- Born: 1979 (age 46–47) Bat Yam, Israel
- Education: Harriton High School Central Montco Technical School Culinary Institute of America
- Occupations: Celebrity chef, restaurant owner
- Spouse: Emily Ostuw

= Alon Shaya =

Israeli-American celebrity chef

Alon Shaya (אלון שעיה; born 1979) is an Israeli-American celebrity chef and restaurant owner. He is the author of several cookbooks and the owner of a hospitality and restaurant consulting business, Pomegranate Hospitality.

== Early years and education ==
Shaya was born in Bat Yam, Israel and raised in Philadelphia, where he moved at the age of four. He attended Harriton High School and the Central Montco Technical School. He trained at the Culinary Institute of America.

== Career ==
Shaya began his culinary career as an intern at the Rio Hotel and Casino in Las Vegas. He also cooked in restaurants in St. Louis and Italy. He moved to New Orleans in 2001, and later opened his namesake restaurant there. He opened the Pomegranate Hospitality company in 2017 and two new restaurants, Saba in New Orleans and Safta in Denver. Shaya was fired from the Besh Restaurant Group in 2017 when initial sexual harassment allegations were being publicized by employees of the company against owners of the group. Shaya spoke out in the midst of the controversy in support of the employees and shared that his repeated requests for human resource management during his time with the group had gone unanswered. He sued Besh to remove his name from the eatery but lost that case in an out of court settlement in 2018.

He was a judge on the 15th season of Top Chef.

In March 2018, Alon published his debut cookbook, "Shaya: An Odyssey of Food, My Journey Back to Israel" (Knopf). Part memoir and part cookbook.

Later in 2018, Saba opened in Uptown, New Orleans & Safta opened its doors in August 2018 in the River North neighborhood of Denver.

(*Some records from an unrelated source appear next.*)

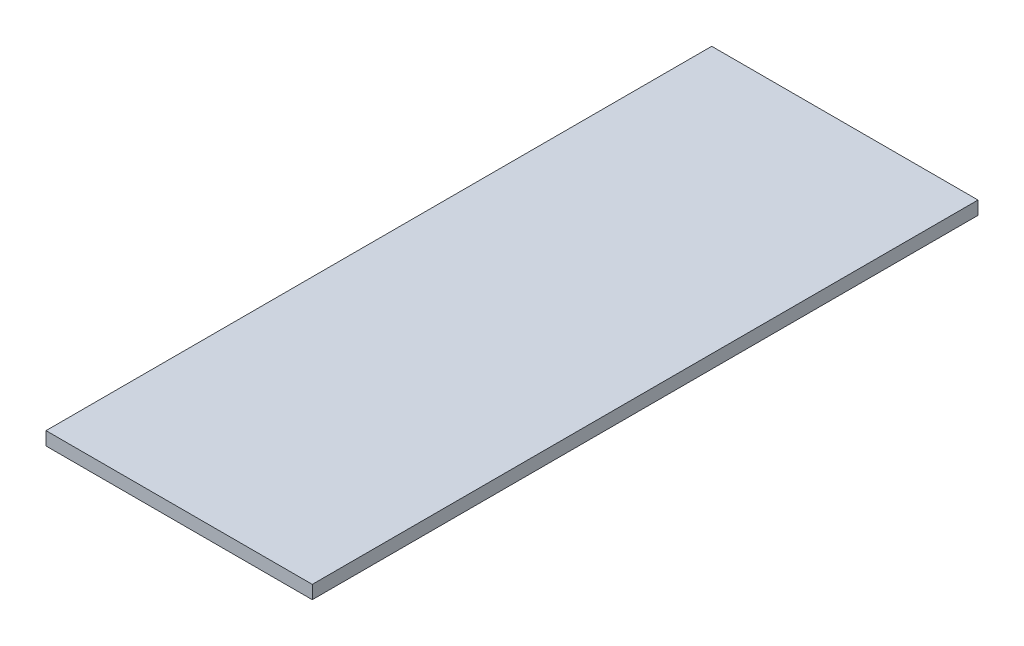
ISO-10303-21;
HEADER;
FILE_DESCRIPTION(('STEP AP214'),'2;1');
FILE_NAME('part.step','',(''),(''),'','','');
FILE_SCHEMA(('AUTOMOTIVE_DESIGN { 1 0 10303 214 1 1 1 1 }'));
ENDSEC;
DATA;
#1=APPLICATION_CONTEXT('core data for automotive mechanical design processes');
#2=APPLICATION_PROTOCOL_DEFINITION('international standard','automotive_design',2000,#1);
#3=PRODUCT_CONTEXT('',#1,'mechanical');
#4=PRODUCT('Part','Part','',(#3));
#5=PRODUCT_RELATED_PRODUCT_CATEGORY('part','',(#4));
#6=PRODUCT_DEFINITION_FORMATION('','',#4);
#7=PRODUCT_DEFINITION_CONTEXT('part definition',#1,'design');
#8=PRODUCT_DEFINITION('design','',#6,#7);
#9=PRODUCT_DEFINITION_SHAPE('','',#8);
#10=(LENGTH_UNIT() NAMED_UNIT(*) SI_UNIT(.MILLI.,.METRE.));
#11=(NAMED_UNIT(*) PLANE_ANGLE_UNIT() SI_UNIT($,.RADIAN.));
#12=(NAMED_UNIT(*) SI_UNIT($,.STERADIAN.) SOLID_ANGLE_UNIT());
#13=UNCERTAINTY_MEASURE_WITH_UNIT(LENGTH_MEASURE(1.E-05),#10,'distance_accuracy_value','');
#14=(GEOMETRIC_REPRESENTATION_CONTEXT(3) GLOBAL_UNCERTAINTY_ASSIGNED_CONTEXT((#13)) GLOBAL_UNIT_ASSIGNED_CONTEXT((#10,
#11,#12)) REPRESENTATION_CONTEXT('',''));
#15=CARTESIAN_POINT('',(0.,0.,0.));
#16=DIRECTION('',(0.,0.,1.));
#17=DIRECTION('',(1.,0.,0.));
#18=AXIS2_PLACEMENT_3D('',#15,#16,#17);
#19=CARTESIAN_POINT('',(10.,1.,25.));
#20=DIRECTION('',(-1.,0.,0.));
#21=DIRECTION('',(0.,0.,1.));
#22=AXIS2_PLACEMENT_3D('',#19,#20,#21);
#23=PLANE('',#22);
#24=DIRECTION('',(0.,0.,-1.));
#25=VECTOR('',#24,1.);
#26=CARTESIAN_POINT('',(10.,0.,25.));
#27=LINE('',#26,#25);
#28=CARTESIAN_POINT('',(10.,0.,25.));
#29=VERTEX_POINT('',#28);
#30=CARTESIAN_POINT('',(10.,0.,-25.));
#31=VERTEX_POINT('',#30);
#32=EDGE_CURVE('E97',#29,#31,#27,.T.);
#33=ORIENTED_EDGE('',*,*,#32,.T.);
#34=DIRECTION('',(0.,-1.,0.));
#35=VECTOR('',#34,1.);
#36=CARTESIAN_POINT('',(10.,1.,-25.));
#37=LINE('',#36,#35);
#38=CARTESIAN_POINT('',(10.,1.,-25.));
#39=VERTEX_POINT('',#38);
#40=EDGE_CURVE('E11',#39,#31,#37,.T.);
#41=ORIENTED_EDGE('',*,*,#40,.F.);
#42=DIRECTION('',(0.,0.,-1.));
#43=VECTOR('',#42,1.);
#44=CARTESIAN_POINT('',(10.,1.,25.));
#45=LINE('',#44,#43);
#46=CARTESIAN_POINT('',(10.,1.,25.));
#47=VERTEX_POINT('',#46);
#48=EDGE_CURVE('E85',#47,#39,#45,.T.);
#49=ORIENTED_EDGE('',*,*,#48,.F.);
#50=DIRECTION('',(0.,-1.,0.));
#51=VECTOR('',#50,1.);
#52=CARTESIAN_POINT('',(10.,1.,25.));
#53=LINE('',#52,#51);
#54=EDGE_CURVE('E93',#47,#29,#53,.T.);
#55=ORIENTED_EDGE('',*,*,#54,.T.);
#56=EDGE_LOOP('',(#33,#41,#49,#55));
#57=FACE_BOUND('',#56,.T.);
#58=ADVANCED_FACE('F34',(#57),#23,.F.);
#59=CARTESIAN_POINT('',(-10.,1.,-25.));
#60=DIRECTION('',(0.,0.,1.));
#61=DIRECTION('',(1.,0.,0.));
#62=AXIS2_PLACEMENT_3D('',#59,#60,#61);
#63=PLANE('',#62);
#64=DIRECTION('',(-1.,0.,0.));
#65=VECTOR('',#64,1.);
#66=CARTESIAN_POINT('',(-10.,0.,-25.));
#67=LINE('',#66,#65);
#68=CARTESIAN_POINT('',(-10.,0.,-25.));
#69=VERTEX_POINT('',#68);
#70=EDGE_CURVE('E89',#31,#69,#67,.T.);
#71=ORIENTED_EDGE('',*,*,#70,.T.);
#72=DIRECTION('',(0.,-1.,0.));
#73=VECTOR('',#72,1.);
#74=CARTESIAN_POINT('',(-10.,1.,-25.));
#75=LINE('',#74,#73);
#76=CARTESIAN_POINT('',(-10.,1.,-25.));
#77=VERTEX_POINT('',#76);
#78=EDGE_CURVE('E42',#77,#69,#75,.T.);
#79=ORIENTED_EDGE('',*,*,#78,.F.);
#80=DIRECTION('',(-1.,0.,0.));
#81=VECTOR('',#80,1.);
#82=CARTESIAN_POINT('',(-10.,1.,-25.));
#83=LINE('',#82,#81);
#84=EDGE_CURVE('E80',#39,#77,#83,.T.);
#85=ORIENTED_EDGE('',*,*,#84,.F.);
#86=ORIENTED_EDGE('',*,*,#40,.T.);
#87=EDGE_LOOP('',(#71,#79,#85,#86));
#88=FACE_BOUND('',#87,.T.);
#89=ADVANCED_FACE('F88',(#88),#63,.F.);
#90=CARTESIAN_POINT('',(-10.,1.,25.));
#91=DIRECTION('',(1.,0.,0.));
#92=DIRECTION('',(0.,0.,-1.));
#93=AXIS2_PLACEMENT_3D('',#90,#91,#92);
#94=PLANE('',#93);
#95=DIRECTION('',(0.,0.,1.));
#96=VECTOR('',#95,1.);
#97=CARTESIAN_POINT('',(-10.,0.,25.));
#98=LINE('',#97,#96);
#99=CARTESIAN_POINT('',(-10.,0.,25.));
#100=VERTEX_POINT('',#99);
#101=EDGE_CURVE('E67',#69,#100,#98,.T.);
#102=ORIENTED_EDGE('',*,*,#101,.T.);
#103=DIRECTION('',(0.,-1.,0.));
#104=VECTOR('',#103,1.);
#105=CARTESIAN_POINT('',(-10.,1.,25.));
#106=LINE('',#105,#104);
#107=CARTESIAN_POINT('',(-10.,1.,25.));
#108=VERTEX_POINT('',#107);
#109=EDGE_CURVE('E90',#108,#100,#106,.T.);
#110=ORIENTED_EDGE('',*,*,#109,.F.);
#111=DIRECTION('',(0.,0.,1.));
#112=VECTOR('',#111,1.);
#113=CARTESIAN_POINT('',(-10.,1.,25.));
#114=LINE('',#113,#112);
#115=EDGE_CURVE('E83',#77,#108,#114,.T.);
#116=ORIENTED_EDGE('',*,*,#115,.F.);
#117=ORIENTED_EDGE('',*,*,#78,.T.);
#118=EDGE_LOOP('',(#102,#110,#116,#117));
#119=FACE_BOUND('',#118,.T.);
#120=ADVANCED_FACE('F91',(#119),#94,.F.);
#121=CARTESIAN_POINT('',(-10.,1.,25.));
#122=DIRECTION('',(0.,0.,-1.));
#123=DIRECTION('',(-1.,0.,0.));
#124=AXIS2_PLACEMENT_3D('',#121,#122,#123);
#125=PLANE('',#124);
#126=DIRECTION('',(1.,0.,0.));
#127=VECTOR('',#126,1.);
#128=CARTESIAN_POINT('',(-10.,0.,25.));
#129=LINE('',#128,#127);
#130=EDGE_CURVE('E73',#100,#29,#129,.T.);
#131=ORIENTED_EDGE('',*,*,#130,.T.);
#132=ORIENTED_EDGE('',*,*,#54,.F.);
#133=DIRECTION('',(1.,0.,0.));
#134=VECTOR('',#133,1.);
#135=CARTESIAN_POINT('',(-10.,1.,25.));
#136=LINE('',#135,#134);
#137=EDGE_CURVE('E50',#108,#47,#136,.T.);
#138=ORIENTED_EDGE('',*,*,#137,.F.);
#139=ORIENTED_EDGE('',*,*,#109,.T.);
#140=EDGE_LOOP('',(#131,#132,#138,#139));
#141=FACE_BOUND('',#140,.T.);
#142=ADVANCED_FACE('F104',(#141),#125,.F.);
#143=CARTESIAN_POINT('',(0.,1.,0.));
#144=DIRECTION('',(0.,-1.,0.));
#145=DIRECTION('',(0.,0.,-1.));
#146=AXIS2_PLACEMENT_3D('',#143,#144,#145);
#147=PLANE('',#146);
#148=ORIENTED_EDGE('',*,*,#48,.T.);
#149=ORIENTED_EDGE('',*,*,#84,.T.);
#150=ORIENTED_EDGE('',*,*,#115,.T.);
#151=ORIENTED_EDGE('',*,*,#137,.T.);
#152=EDGE_LOOP('',(#148,#149,#150,#151));
#153=FACE_BOUND('',#152,.T.);
#154=ADVANCED_FACE('F81',(#153),#147,.F.);
#155=CARTESIAN_POINT('',(0.,0.,0.));
#156=DIRECTION('',(0.,-1.,0.));
#157=DIRECTION('',(0.,0.,-1.));
#158=AXIS2_PLACEMENT_3D('',#155,#156,#157);
#159=PLANE('',#158);
#160=ORIENTED_EDGE('',*,*,#32,.F.);
#161=ORIENTED_EDGE('',*,*,#130,.F.);
#162=ORIENTED_EDGE('',*,*,#101,.F.);
#163=ORIENTED_EDGE('',*,*,#70,.F.);
#164=EDGE_LOOP('',(#160,#161,#162,#163));
#165=FACE_BOUND('',#164,.T.);
#166=ADVANCED_FACE('F107',(#165),#159,.T.);
#167=CLOSED_SHELL('',(#58,#89,#120,#142,#154,#166));
#168=MANIFOLD_SOLID_BREP('B2',#167);
#169=ADVANCED_BREP_SHAPE_REPRESENTATION('',(#18,#168),#14);
#170=SHAPE_DEFINITION_REPRESENTATION(#9,#169);
ENDSEC;
END-ISO-10303-21;

In 2019 he took chefs from his restaurants to Israel on a culinary tour so they could incorporate those tastes and flavors in the American establishments. He also participated in Galileat, a food workshop in Galilee.

In 2020 he presented at a Blackberry Farm event. He is a brand ambassador for Camellia Brand.

In mid 2021, Pomegranate Hospitality and the Four Season Hotel & Private Residences New Orleans will open the hotel’s signature restaurant and lobby bar. The restaurant, Miss River, will represent Alon & Emily’s love letter to Louisiana.

In 2024, Shaya opened Safta 1964 at the Wynn hotel and casino on the Las Vegas Strip.

== Awards ==
In 2010, Shaya was named one of Esquire Magazine’s “Chefs to Watch”  and in 2012 he was named Chef of the Year by Eater New Orleans.

He listed as one of the “50 People Who are Changing the South” by Southern Living Magazine in 2015. He was also listed as one of the “50 Most Influential Jews in America” by the Forward.

He was nominated for five James Beard Awards and won two:

- 2015: James Beard Award for Best Chef, based on his cooking as the executive chef at Domenica

He won the “Youth Advocate Award” from Liberty's Kitchen, and was honored by InspireNOLA Schools for his work with Edna Karr Charter High School.

== Publications ==
He has contributed to KITCHN magazine. In 2018 he published Shaya: An Odyssey of Food, My Journey Back to Israel (Knopf).

== Philanthropy ==
In 2016, Shaya partnered with his high school home economics teacher, Donna Barnett, to form the Shaya Barnett Foundation, which brings culinary education to high schools.

During the COVID-19 pandemic, Shaya turned his closed restaurants into soup kitchens offering free meals to furloughed hospitality-industry workers. He also partnered with chef Edward Lee in founding the Restaurant Worker Relief program.

He is a chef fundraiser for No Kid Hungry, Alex’s Lemonade Stand, and DC Central Kitchen/Martha’s Table.

== Personal ==
Shaya is married to Emily Ostuw, and lives in New Orleans.